The significance of this study lies in confirming previous poor results with HRT on coronary endpoints, as well as adding to our information about AOs, in postmenopausal women with pre-existing CAD. In other clinical trials, AOs have been reported to interfere with the ability of statin drugs to raise HDL. Patients taking lipid-lowering drugs, presumably statins, in this study were not analyzed separately, so it is not possible to determine if AOs interfered with the clinical efficacy of these drugs. If the impact of AOs is small, their effects would be eclipsed by the much larger effects of pharmacological treatment.

Finally, it is likely that any effect seen in the epidemiological trials is not related to AOs only, but to other concomitant healthy habits, such as weight loss or increased exercise, or to other biologically active constituents in food. Experts have suggested that AO treatment may need to last a decade or more to see benefit. In addition, I would encourage authors using AO interventions to be more specific in describing the formulations used.

Neither HRT nor AO in these doses for this population seems to be of benefit in secondary prevention.
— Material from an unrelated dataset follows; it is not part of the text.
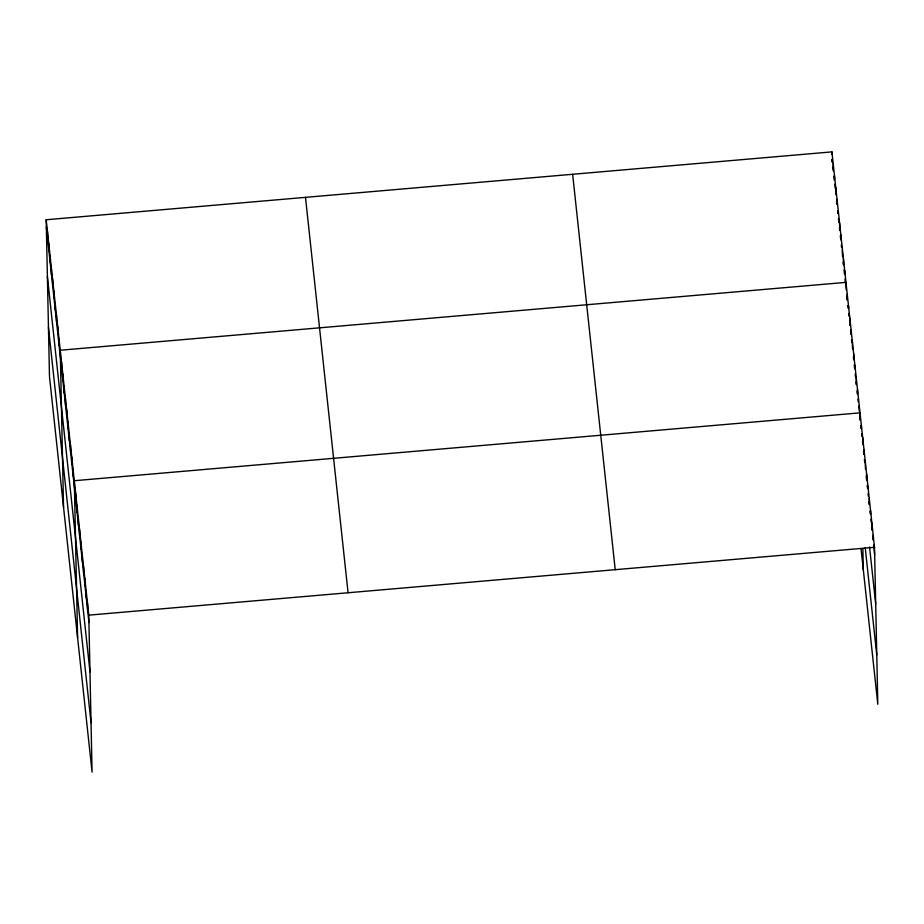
<?xml version="1.0" encoding="UTF-8"?>
<svg xmlns="http://www.w3.org/2000/svg" width="924" height="924" viewBox="0 0 924 924"><rect width="100%" height="100%" fill="white"/><g stroke="black" fill="none" stroke-linecap="round" stroke-linejoin="round"><path stroke-width="1.39" d="M46.2 219.75L88.785 615.153L92.077 772.118L49.492 376.715L46.2 219.75L831.923 151.882L874.508 547.285L877.8 704.25L861.053 548.729M88.785 615.153L874.508 547.285M832.362 161.885L832.085 159.24L832.143 162.07M832.928 167.152L833.356 171.102M833.922 176.38L834.349 180.33M834.776 184.28L835.204 188.242M836.624 201.42L836.901 204.054M837.618 210.649L837.895 213.282M838.472 218.549L838.888 222.511M839.466 227.778L839.743 230.411L839.593 223.054M840.309 235.689L840.736 239.639M841.302 244.918L841.591 247.551M842.584 256.78L842.226 250.462M843.15 262.046L843.439 264.68M844.005 269.958L844.432 273.908M844.998 279.187L845.287 281.82M846.846 296.315L847.273 300.265L847.262 294.225M847.839 305.544L848.116 308.177M848.694 313.455L848.971 316.089M849.687 322.672L849.965 325.317L849.814 317.948M850.53 330.584L850.958 334.534M851.524 339.813L851.812 342.446M853.372 356.941L853.661 359.586M854.226 364.853L854.654 368.803M855.22 374.081L855.497 376.715M856.074 381.993L856.352 384.627L856.202 377.258M857.068 391.21L857.345 393.855M857.911 399.122L858.2 401.755M859.193 410.984L858.858 405.89M859.759 416.262L860.186 420.212L860.036 412.843L74.313 480.711L77.593 637.687M860.775 425.641L861.064 428.355M861.653 433.795L861.942 436.509M862.531 441.938L862.82 444.652L862.669 437.283M863.547 451.443L863.848 454.158M864.425 459.586L864.725 462.312M866.181 475.883L866.62 479.96M867.209 485.389L867.497 488.103M868.086 493.543L868.375 496.257M868.964 501.686L869.253 504.4M869.981 511.191L870.281 513.906M870.858 519.346L871.159 522.06M871.736 527.489L872.037 530.203L871.875 522.834M872.764 536.994L873.053 539.708M873.642 545.137L874.67 554.643M869.553 546.985L875.698 604.019M865.211 547.609L876.761 654.885M572.637 174.278L615.222 569.681M305.486 197.355L348.071 592.758M46.35 227.108L88.947 622.522M47.39 276.484L89.975 671.887M48.452 327.35L91.037 722.753M873.192 535.065L873.296 539.974M870.558 510.614L870.639 514.298M869.241 498.394L869.38 504.539M867.925 486.174L867.983 488.634M866.62 473.954L866.747 480.087M865.303 461.734L865.453 469.092M863.986 449.514L864.079 454.423M861.353 425.063L861.422 428.748M862.877 548.66L863.316 569.819M857.472 389.119L857.576 394.028M854.919 365.396L854.977 367.856M853.649 353.534L853.776 359.667M852.367 341.672L852.517 349.041M851.085 329.81L851.166 333.495M848.532 306.087L848.59 308.535M846.13 289.732L845.98 282.363L60.256 350.231L63.537 507.207M844.698 270.501L844.779 274.185M843.427 258.639L843.554 264.772M840.863 234.915L840.967 239.824M838.311 211.192L838.368 213.64M837.04 199.33L837.144 204.239M835.758 187.468L835.908 194.825M834.476 175.606L834.557 179.279M833.205 163.744L833.332 169.877M831.923 151.882L831.981 154.331M87.468 602.933L87.63 610.29M86.151 590.713L86.313 598.071M84.835 578.482L84.996 585.851M83.518 566.262L83.68 573.631M82.201 554.042L82.363 561.411M80.885 541.822L81.046 549.191M79.568 529.602L79.73 536.971M78.251 517.382L78.413 524.74M76.935 505.162L77.096 512.52M75.618 492.931L75.78 500.3M73.031 468.849L73.181 476.218M71.749 456.987L71.91 464.356M70.478 445.125L70.628 452.494M69.196 433.264L69.346 440.632M67.914 421.402L68.076 428.771M66.644 409.54L66.794 416.909M65.361 397.678L65.523 405.047M64.091 385.816L64.241 393.185M62.809 373.954L62.959 381.323M61.527 362.093L61.689 369.461M58.974 338.369L59.136 345.738M57.704 326.507L57.854 333.876M56.422 314.645L56.572 322.014M55.14 302.783L55.301 310.152M53.869 290.921L54.019 298.29M52.587 279.06L52.737 286.428M51.305 267.198L51.467 274.567M50.035 255.336L50.185 262.693M48.753 243.474L48.914 250.831M47.482 231.612L47.632 238.97"/></g></svg>

HRT usage, in fact, seems to be associated with a slight increase in risk of adverse cardiac events, especially in diabetics. This leaves us all waiting for results from the ongoing portion of the Women’s Health Initiative, a primary prevention trial studying a general population without prior evidence of CAD, to see the effects of long-term AO use on CAD prevention.

Dr. Mary Hardy is Medical Director at Cedars-Sinai Integrative Group in Los Angeles, CA.